Ele falou sobre uma mulher que tivera. Mas a culpa foi
minha, reconheço. Não sei por que sempre começo a puxar assunto sobre suas
ex-namoradas. Ele diz que isso me dá tesão. Acontece quando brigamos, não
aguento e afirmo que com sicrana ou beltrana ele não agiu daquela forma.
Tanto agi que ela me chutou pra escanteio, declara solene. O motivo foi outro, replico,
ninguém aguenta esse mulheril todo atrás de você. Silencia durante um tempinho.
Então, continuo, tem mais uma coisa, aquela sua última namorada é feia que dói.
Olha para mim surpreso, faz um movimento como se fosse falar algo, mas não vai
adiante. Continuo, lembra aquele meu amigo?, aquele que apresentei a você no
CCBB, ele estava comigo quando você apareceu com ela, até ele comentou,
caramba, que mulher feia. Feia?, retruca, você é professora de artes, devia
saber que o feio e o bonito são questões de ponto de vista, parece que nunca
leu Kant. Isso não tem nada a ver com Kant, ela é feia, sim, chego a gritar.
Estourando de raiva, acaba falando, você pode achá-la feia, mas fazia umas
coisas melhor do que você, certa vez permitiu que eu tirasse o biquíni dela
na praia, dentro d’água, e a deixasse nua durante um tempo enorme, você não
teria coragem de se prestar a isso, terminou e esperou que eu retrucasse. Mas
engoli a seco. O que eu poderia falar? Certa vez já ficara nua do lado de fora
do apartamento dele por causa de uma discussão semelhante.

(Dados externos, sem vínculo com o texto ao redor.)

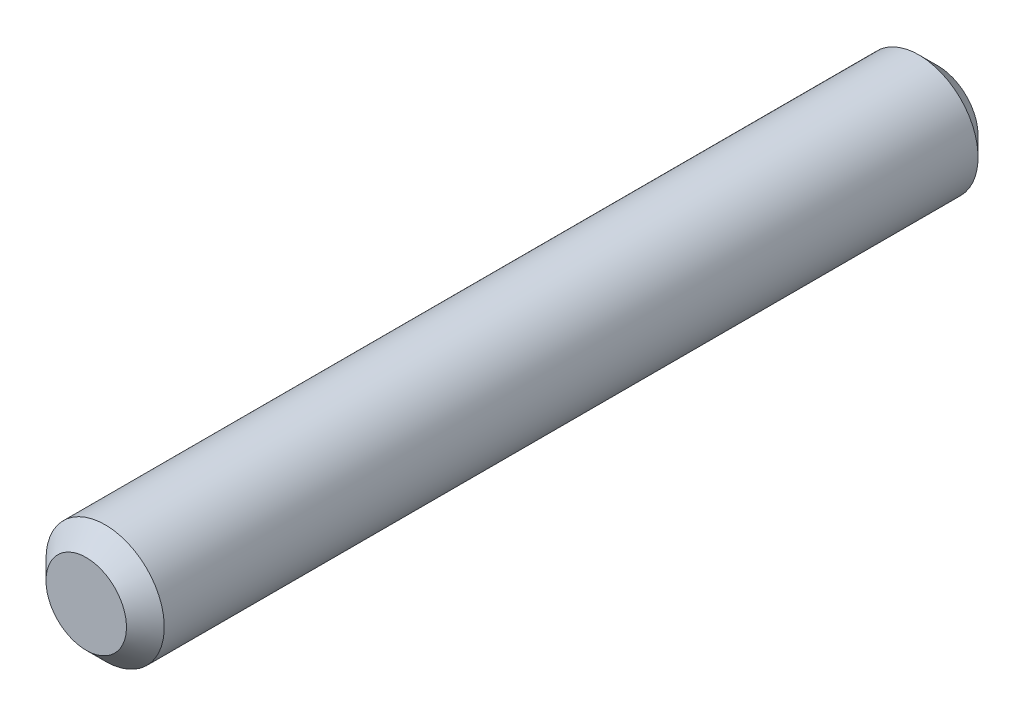
ISO-10303-21;
HEADER;
FILE_DESCRIPTION(('STEP AP214'),'2;1');
FILE_NAME('part.step','',(''),(''),'','','');
FILE_SCHEMA(('AUTOMOTIVE_DESIGN { 1 0 10303 214 1 1 1 1 }'));
ENDSEC;
DATA;
#1=APPLICATION_CONTEXT('core data for automotive mechanical design processes');
#2=APPLICATION_PROTOCOL_DEFINITION('international standard','automotive_design',2000,#1);
#3=PRODUCT_CONTEXT('',#1,'mechanical');
#4=PRODUCT('Part','Part','',(#3));
#5=PRODUCT_RELATED_PRODUCT_CATEGORY('part','',(#4));
#6=PRODUCT_DEFINITION_FORMATION('','',#4);
#7=PRODUCT_DEFINITION_CONTEXT('part definition',#1,'design');
#8=PRODUCT_DEFINITION('design','',#6,#7);
#9=PRODUCT_DEFINITION_SHAPE('','',#8);
#10=(LENGTH_UNIT() NAMED_UNIT(*) SI_UNIT(.MILLI.,.METRE.));
#11=(NAMED_UNIT(*) PLANE_ANGLE_UNIT() SI_UNIT($,.RADIAN.));
#12=(NAMED_UNIT(*) SI_UNIT($,.STERADIAN.) SOLID_ANGLE_UNIT());
#13=UNCERTAINTY_MEASURE_WITH_UNIT(LENGTH_MEASURE(1.E-05),#10,'distance_accuracy_value','');
#14=(GEOMETRIC_REPRESENTATION_CONTEXT(3) GLOBAL_UNCERTAINTY_ASSIGNED_CONTEXT((#13)) GLOBAL_UNIT_ASSIGNED_CONTEXT((#10,
#11,#12)) REPRESENTATION_CONTEXT('',''));
#15=CARTESIAN_POINT('',(0.,0.,0.));
#16=DIRECTION('',(0.,0.,1.));
#17=DIRECTION('',(1.,0.,0.));
#18=AXIS2_PLACEMENT_3D('',#15,#16,#17);
#19=CARTESIAN_POINT('',(0.,0.,5.715));
#20=DIRECTION('',(0.,0.,-1.));
#21=DIRECTION('',(1.,0.,0.));
#22=AXIS2_PLACEMENT_3D('',#19,#20,#21);
#23=CYLINDRICAL_SURFACE('',#22,0.79375);
#24=CARTESIAN_POINT('',(0.,0.,-5.461));
#25=DIRECTION('',(0.,0.,-1.));
#26=DIRECTION('',(-1.,0.,0.));
#27=AXIS2_PLACEMENT_3D('',#24,#25,#26);
#28=CIRCLE('',#27,0.79375);
#29=CARTESIAN_POINT('',(-0.79375,0.,-5.461));
#30=VERTEX_POINT('',#29);
#31=EDGE_CURVE('E380',#30,#30,#28,.T.);
#32=ORIENTED_EDGE('',*,*,#31,.F.);
#33=EDGE_LOOP('',(#32));
#34=FACE_BOUND('',#33,.T.);
#35=CARTESIAN_POINT('',(0.,0.,5.461));
#36=DIRECTION('',(0.,0.,-1.));
#37=DIRECTION('',(-1.,0.,0.));
#38=AXIS2_PLACEMENT_3D('',#35,#36,#37);
#39=CIRCLE('',#38,0.79375);
#40=CARTESIAN_POINT('',(-0.79375,0.,5.461));
#41=VERTEX_POINT('',#40);
#42=EDGE_CURVE('E384',#41,#41,#39,.F.);
#43=ORIENTED_EDGE('',*,*,#42,.F.);
#44=EDGE_LOOP('',(#43));
#45=FACE_BOUND('',#44,.T.);
#46=ADVANCED_FACE('F370',(#34,#45),#23,.T.);
#47=CARTESIAN_POINT('',(0.,0.,5.715));
#48=DIRECTION('',(0.,0.,1.));
#49=DIRECTION('',(-1.,0.,0.));
#50=AXIS2_PLACEMENT_3D('',#47,#48,#49);
#51=PLANE('',#50);
#52=CARTESIAN_POINT('',(0.,0.,5.715));
#53=DIRECTION('',(0.,0.,-1.));
#54=DIRECTION('',(-1.,0.,0.));
#55=AXIS2_PLACEMENT_3D('',#52,#53,#54);
#56=CIRCLE('',#55,0.53975);
#57=CARTESIAN_POINT('',(-0.53975,0.,5.715));
#58=VERTEX_POINT('',#57);
#59=EDGE_CURVE('E10',#58,#58,#56,.T.);
#60=ORIENTED_EDGE('',*,*,#59,.F.);
#61=EDGE_LOOP('',(#60));
#62=FACE_BOUND('',#61,.T.);
#63=ADVANCED_FACE('F393',(#62),#51,.T.);
#64=CARTESIAN_POINT('',(0.,0.,-5.715));
#65=DIRECTION('',(0.,0.,1.));
#66=DIRECTION('',(-1.,0.,0.));
#67=AXIS2_PLACEMENT_3D('',#64,#65,#66);
#68=PLANE('',#67);
#69=CARTESIAN_POINT('',(0.,0.,-5.715));
#70=DIRECTION('',(0.,0.,-1.));
#71=DIRECTION('',(-1.,0.,0.));
#72=AXIS2_PLACEMENT_3D('',#69,#70,#71);
#73=CIRCLE('',#72,0.53975);
#74=CARTESIAN_POINT('',(-0.53975,0.,-5.715));
#75=VERTEX_POINT('',#74);
#76=EDGE_CURVE('E376',#75,#75,#73,.F.);
#77=ORIENTED_EDGE('',*,*,#76,.F.);
#78=EDGE_LOOP('',(#77));
#79=FACE_BOUND('',#78,.T.);
#80=ADVANCED_FACE('F398',(#79),#68,.F.);
#81=CARTESIAN_POINT('',(0.,0.,-5.461));
#82=DIRECTION('',(0.,0.,1.));
#83=DIRECTION('',(-1.,0.,0.));
#84=AXIS2_PLACEMENT_3D('',#81,#82,#83);
#85=CONICAL_SURFACE('',#84,0.79375,0.785398163397451);
#86=ORIENTED_EDGE('',*,*,#76,.T.);
#87=EDGE_LOOP('',(#86));
#88=FACE_BOUND('',#87,.T.);
#89=ORIENTED_EDGE('',*,*,#31,.T.);
#90=EDGE_LOOP('',(#89));
#91=FACE_BOUND('',#90,.T.);
#92=ADVANCED_FACE('F402',(#88,#91),#85,.T.);
#93=CARTESIAN_POINT('',(0.,0.,5.715));
#94=DIRECTION('',(0.,0.,-1.));
#95=DIRECTION('',(1.,0.,0.));
#96=AXIS2_PLACEMENT_3D('',#93,#94,#95);
#97=CONICAL_SURFACE('',#96,0.53975,0.785398163397447);
#98=ORIENTED_EDGE('',*,*,#42,.T.);
#99=EDGE_LOOP('',(#98));
#100=FACE_BOUND('',#99,.T.);
#101=ORIENTED_EDGE('',*,*,#59,.T.);
#102=EDGE_LOOP('',(#101));
#103=FACE_BOUND('',#102,.T.);
#104=ADVANCED_FACE('F390',(#100,#103),#97,.T.);
#105=CLOSED_SHELL('',(#46,#63,#80,#92,#104));
#106=MANIFOLD_SOLID_BREP('B2',#105);
#107=ADVANCED_BREP_SHAPE_REPRESENTATION('',(#18,#106),#14);
#108=SHAPE_DEFINITION_REPRESENTATION(#9,#107);
ENDSEC;
END-ISO-10303-21;

Agora, porém, deixar
que ele me roubasse o biquíni ao entrar para tomar banho de mar seria demais.
Mas não suportei aquilo, acabei por lhe dizer, fico sim, tenho mais peito do
que ela. Ah, realmente, nisso você tem razão, seus peitos são muito maiores,
completou como se narrasse o desfecho duma piada.
No dia seguinte fomos à praia. Ele queria me testar. Vamos
ver se você falou da boca pra fora ou se vai ter coragem mesmo, afirmou em tom
de pergunta, duas vezes, enquanto dirigia. Chegamos à Barra, lá no final da
praia, um tipo de reserva. Aqui está bom, apontei o local. Arrumamos nossas
coisas, abrimos o guarda sol. Havia poucas pessoas na praia. Notei que ele estava
excitado. Vamos entrar, ordenei. Como já fizera teatro, eu representava, encarnava na verdade outra pessoa, porque caso vivesse eu mesma, a Cris que todos conhecem, desmoronaria em tremeliques. Vamos, concordou. De repente, pareceu
surpreso. Você vai de maiô? Sim, claro, como você gostaria que eu fosse?, fiz
cara de inocente. De biquíni, assim só tiro a parte de baixo, fica mais
discreto, você pode ficar horas dentro d’água que ninguém repara que lhe falta
a peça inferior, assegurou. Peça inferior?, repeti e ri, nada disso, quero
ficar nua por inteiro, você tira o meu maiô e traz para cá, guarda entre as
hastes superiores da barraca, ok?, e mais uma coisinha, depois vai dar uma
volta, tome uma cerveja num desses quiosques, quando cansar volte com o meu
maiô, vou ficar esperando. Estou surpreso, falou. Surpreso?, você deveria pensar
melhor ao me fazer propostas desse tipo, não falei que tenho mais coragem do
que sua ex? E cá entre nós, afirmo e reafirmo, ela é feia que dói.